La Giallombardo scrive: “ a differenza di una mostra collettiva tradizionale, dove le opere sono esposte in uno stesso spazio, ma separatamente, qui, un unico punto dello spazio, l’oggetto – libro, raccoglie le tecniche, le poetiche e le rivisitazioni degli artisti chiamati a partecipare.”

Racconta anche la procedura tecnica di costruzione del libro: una volta che gli artisti consegnavano i loro lavori, “le carte sono poi state rilegate dal laboratorio artigiano di Bottega Fagnola, di Torino, in maniera da costituire una facciata (cioè due pagine consecutive) così che, a libro aperto, si veda l’opera di un artista per volta, sottolineando lo scandire del tempo e invogliando il lettore a sfogliare” aggiunge ancora “la copertina del libro è semplice e lineare, in pergamena bianca, per evitare un richiamo anacronistico posticcio alle sontuose copertine dei libri ecclesiastici e gentilizi.”

Infine rivela: “il volume contemporaneo dialoga con i libri d’ore conservati nella Biblioteca Reale di Torino, sorretto da un leggio appartenente alla collezione della biblioteca stessa.

Sottolinea inoltre “l’incredibile disponibilità intellettuale degli artisti coinvolti che, senza alcun tipo di remora, di vincolo, o di preclusione, le hanno accordato una fiducia totale, credendo al progetto in modo totale e disarmante, confezionando un prodotto finale che ha superato le aspettative”.

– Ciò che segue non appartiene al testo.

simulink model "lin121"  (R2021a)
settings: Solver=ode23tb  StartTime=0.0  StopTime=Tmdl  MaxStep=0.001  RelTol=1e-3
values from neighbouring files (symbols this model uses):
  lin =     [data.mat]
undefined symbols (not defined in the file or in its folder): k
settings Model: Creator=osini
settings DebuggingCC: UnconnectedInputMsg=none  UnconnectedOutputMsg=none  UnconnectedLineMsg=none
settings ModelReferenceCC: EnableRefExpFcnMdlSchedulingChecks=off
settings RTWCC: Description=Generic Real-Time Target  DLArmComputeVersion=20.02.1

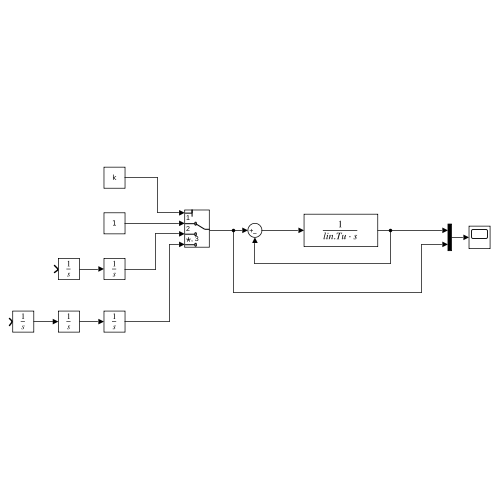
[thumbnail: Simulink's stored preview of the top-level diagram]
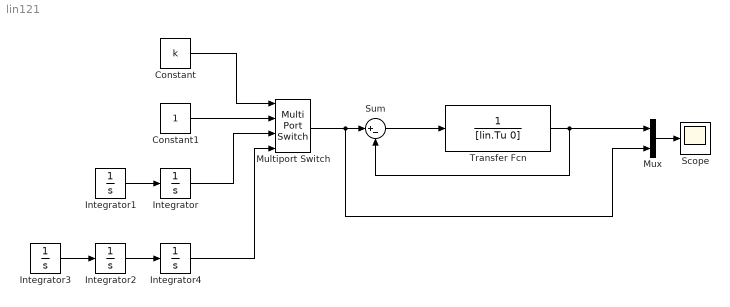
== system lin121 ==
  Constant : Constant  Value=k
  Constant1 : Constant
  Integrator : Integrator
  Integrator1 : Integrator  InitialCondition=1
  Integrator2 : Integrator
  Integrator3 : Integrator  InitialCondition=1
  Integrator4 : Integrator
  Multiport Switch : MultiPortSwitch
  Mux : Mux  Inputs=2
  Scope : Scope
  Sum : Sum  Inputs=|+-
  Transfer Fcn : TransferFcn  Denominator=[lin.Tu 0]
  wires:
  Sum/1 -> Transfer Fcn/1
  Transfer Fcn/1 -> Mux/1, Sum/2
  Constant/1 -> Multiport Switch/1
  Constant1/1 -> Multiport Switch/2
  Integrator/1 -> Multiport Switch/3
  Integrator2/1 -> Integrator4/1
  Integrator4/1 -> Multiport Switch/4
  Integrator3/1 -> Integrator2/1
  Integrator1/1 -> Integrator/1
  Mux/1 -> Scope/1
  Multiport Switch/1 -> Mux/2, Sum/1

Non solo il prodotto finale traduce magistralmente l’idea, ma la sottolinea, la fa brillare di una particolare luce che, sbarazzatasi non del tutto della polverosa atmosfera di uno scriptorium, rifulge nel nuovo spazio –tempo museale, illuminando, non tanto il fruitore occasionale, ma, prima di tutti, il visitatore colto, curioso, magari poco avvezzo a lasciarsi convincere che arte contemporanea e medioevale possono convivere.

Alberto Busca

Gli artisti coinvolti, tra i più affermati del panorama contemporaneo, sono stati selezionati dalla curatrice assecondando criteri di diversificazione stilistica, di esperienze professionali e di cultura letteraria:
[sono indicate le gallerie di riferimento degli artisti]


Cornelia Badelita (Radauti, 1982) [Peola Simondi (TO)]
Andrea Barzaghi (Monza, 1988) [Société Interludio (TO)]
Gregorio Botta (Napoli, 1953) [Peola Simondi (TO)]
Francesco Carone (Siena, 1975) [Société Interludio (TO), SpazioA (PT)]
Luca Ceccherini (Arezzo, 1993) [Société Interludio (TO)]
Manuele Cerutti (Torino, 1976) [Guido Costa Projects (TO)]
Fabrizio Cotognini (Macerata, 1983) [Prometeogallery (MI)]
Stefano Di Stasio (Napoli, 1948) [Galleria Alessandro Bagnai (AR), Galleria Vigato (AL)]
Caterina Morigi (Ravenna, 1991) [Galleria Studio G7 (BO)]
Giuseppe Mulas (Alghero, 1995) [Peola Simondi (TO)]
Nazzarena Poli Maramotti (Montecchio Emilia, 1987) [A+B gallery (BS), Sara Zanin gallery (RM)]
Paolo Pretolani (Assisi, 1991) [Marina Bastianello Gallery (VE)]
Enrico Tealdi (Cuneo, 1976) [Société Interludio (TO), Francesca Antonini Arte Contemporanea (RM).